Chancellor Gerhard Schröder found himself isolated in the desire to lift an arms embargo against China on Thursday. The coalition pointed to tensions with Taiwan and "massive deficits" in human rights.

His colleagues disagree with him on China

His colleagues disagree with him on China

Germany's ruling coalition of Social Democrats and Greens has voted against lifting the European arms embargo against China, in direct opposition to Chancellor Gerhard Schröder. In a parliamentary motion on Thursday, the Greens and Schröder's own Social Democratic party rejected a resumption of arms sales to China by the European Union. The motion made future weapons exports dependent on China signing up to the United Nations pact on political and human rights.

The foreign affairs spokesman for the Greens' parliamentary group, Ludger Volmer, said China's tensions with Taiwan and "massive deficits" in the area of human rights "make arms exports to China out of the question at the moment." The EU had introduced the embargo in 1989 after the crackdown on pro-democracy demonstrators in Beijing's Tiananmen Square which left hundreds of people dead.

EU split over ban

But Schröder and French President Jacques Chirac advocate a suspension of the EU arms embargo. Last December, Schröder -- who has been keen to increase trade relations with Beijing -- expressed his desire to end the ban during a state visit to China. The chancellor has frequently stressed how much China has changed since it violently suppressed the pro-democracy protests 15 years ago.

China: Jacques Chirac und Wu Bangguo in Peking

French President Jacques Chirac during his China visit with Chinese parliament chief Wu Bangguo.

While in China earlier in October, Chirac echoed his German neighbor when he said "most EU countries" were in favor of rescinding the embargo.

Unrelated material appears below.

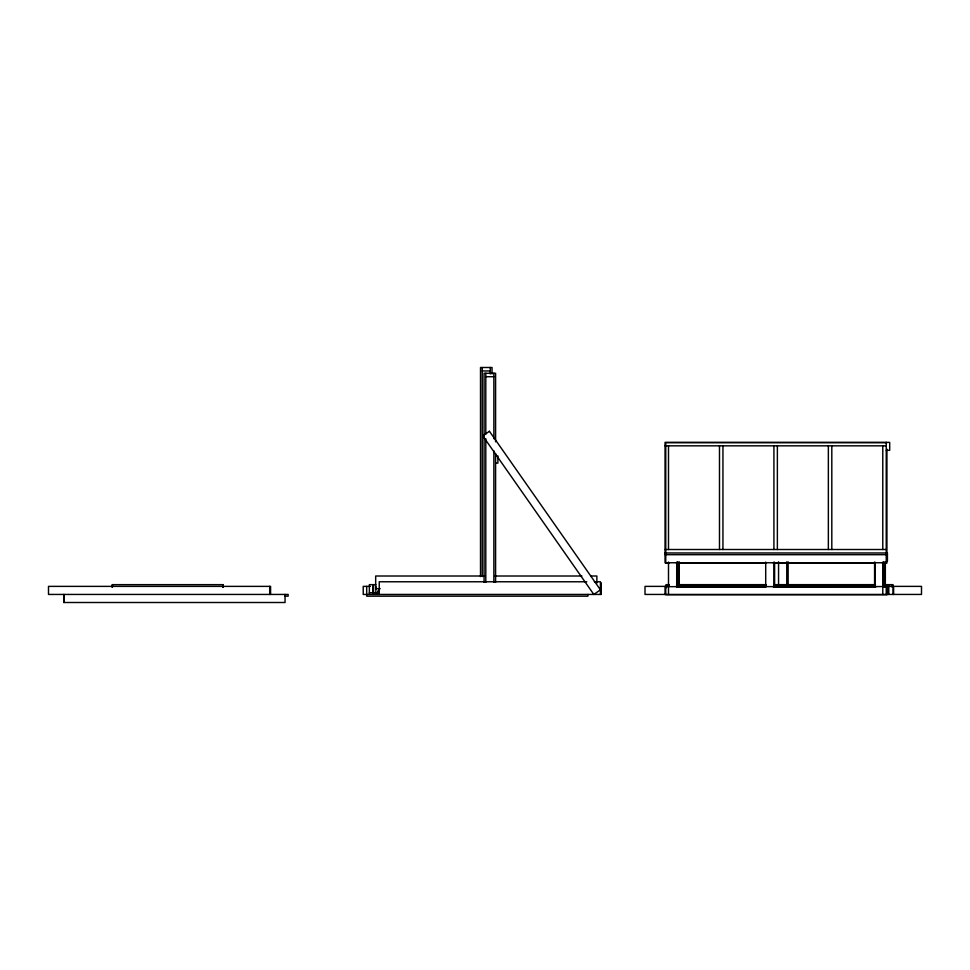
<?xml version="1.0" encoding="UTF-8"?>
<svg xmlns="http://www.w3.org/2000/svg" width="970" height="970" viewBox="0 0 970 970"><rect width="100%" height="100%" fill="white"/><g stroke="black" fill="none" stroke-linecap="round" stroke-linejoin="round"><path stroke-width="1.45" d="M482.236 370.952L490.299 370.952M485.8 376.712L493.863 376.712M886.932 442.659L665.747 442.659L665.747 563.049L669.203 563.049M665.044 445.836L886.24 445.836M886.24 450.322L889.696 450.322L889.696 442.368L665.044 442.368L665.044 562.758L886.24 562.758L886.24 442.368M495.597 463.114L497.901 463.114L497.901 455.912M665.044 549.517L886.24 549.517M665.044 552.973L886.24 552.973M665.044 554.694L886.24 554.694M676.345 563.049L765.73 563.049M773.308 563.049L874.819 563.049M882.385 563.049L886.932 563.049L886.932 449.122M484.757 576.01L375.681 576.01L375.681 588.681L380.216 588.681M495.027 576.01L581.891 576.01M590.803 576.01L596.865 576.01L596.865 583.055M586.801 581.77L379.246 581.77L379.246 594.44M594.367 581.77L600.43 581.77L600.43 594.44M375.851 584.655L369.364 584.655L369.364 594.44M669.276 584.655L666.245 584.655L666.245 587.335M676.842 584.655L766.409 584.655M773.805 584.655L875.498 584.655M882.736 584.655L893.055 584.655L893.055 594.44M669.021 585.225L665.99 585.225L665.99 587.917M676.599 585.225L765.985 585.225M774.86 585.225L875.061 585.225M882.639 585.225L887.186 585.225L887.186 594.44M370.31 586.377L363.229 586.377L363.229 594.44L601.279 594.44L601.279 582.921M668.5 586.377L645.014 586.377L645.014 594.44L921.5 594.44L921.5 586.377L887.295 586.377M676.054 586.377L765.706 586.377M773.914 586.377L875.243 586.377M676.745 586.85L765.779 586.85M773.32 586.85L875.934 586.85M883.476 586.85L886.932 586.85L886.932 594.731L665.747 594.731L665.747 586.668L886.24 586.559L886.24 594.44M369.364 592.718L376.578 592.718M285.119 596.174L288.151 596.174L288.151 594.44L48.5 594.44L48.5 586.377L270.581 586.377L270.581 594.44M63.862 602.503L63.862 594.44L63.765 602.503L285.047 602.503L285.047 594.44M893.612 586.377L893.612 594.44M892.157 584.655L892.157 587.335M888.799 584.655L888.799 594.44M887.429 552.973L887.429 561.036M887.429 584.655L887.429 594.44M885.343 561.8L885.343 585.359M883.973 561.8L883.973 585.359M883.476 562.345L883.476 587.371M882.785 445.836L882.785 549.517M882.785 562.054L882.785 594.44M875.267 562.345L875.267 587.371M874.576 562.054L874.576 587.08M831.811 445.836L831.811 549.517M828.356 445.836L828.356 549.517M788.137 561.8L788.137 585.359M786.767 561.8L786.767 585.359M778.558 561.8L778.558 585.359M777.37 445.836L777.37 549.517M774.606 562.345L774.606 587.371M773.914 445.836L773.914 549.517M773.914 562.054L773.914 587.08M765.706 562.054L765.706 587.08M722.941 445.836L722.941 549.517M719.485 445.836L719.485 549.517M679.267 561.8L679.267 585.359M677.909 561.8L677.909 585.359M677.412 562.345L677.412 587.371M676.708 562.054L676.708 587.08M668.5 445.836L668.5 549.517M668.5 562.054L668.5 594.44M665.044 586.377L665.044 594.44M587.881 594.44L587.881 596.174L366.684 596.174L366.684 586.377M495.597 441.786L495.597 373.256L484.078 373.256L484.078 582.327M495.597 453.548L495.597 582.327M493.863 373.256L493.863 438.707M493.863 450.795L493.863 582.352M492.032 373.971L492.032 367.497L480.514 367.497L480.514 576.568M490.299 367.497L490.299 373.971M485.8 373.256L485.8 434.172M485.8 438.707L485.8 582.352M482.236 367.497L482.236 576.592M378.712 588.681L378.712 591.373M377.742 590.985L377.742 594.44M375.839 586.377L375.839 594.44M373.547 584.655L373.547 594.44M372.82 584.655L372.82 592.718M269.696 586.377L269.696 594.44M223.027 587.335L223.027 584.655L112.253 584.655L112.253 587.335M222.845 584.655L222.845 587.335M112.435 584.655L112.435 587.335M489.426 431.274L482.817 435.906L593.822 594.44L600.43 589.821L489.426 431.274"/></g></svg>

Yet Chirac may have been counting his chickens before they hatched. Just after his China visit, EU foreign ministers expressed skepticism and voted to review the matter. Spearheaded by Britain, the Scandinavian countries and some of the new EU members from Eastern Europe such as Poland and the Czech Republic, a good portion of the bloc opposed any resumption of arms sales to China.

Washington favors keeping ban

Outside of Europe, the US has also opposed plans to renew arms trade with China. The State Department said that if the EU were to lift sanctions, it would contribute to regional instability because high-tech military equipment from Europe, such as radar and communications gear, could be used to intimidate Taiwan further and even threaten US troops in the region.

The US also fears that a suspension of the embargo would hurt efforts to improve human rights in China. French President Chirac does not necessarily share that opinion. During his last visit, he called the ban the product of "another time," much to the irritation of human rights group and politicians back home.

Alain Madelin, a lawmaker in Chirac's ruling party, told French radio, "China needs human rights, freedom. It doesn't need our weapons."

For the time being, China will not be receiving any weapons or military equipment from the European Union despite the fact that Schröder and Chirac both are convinced otherwise.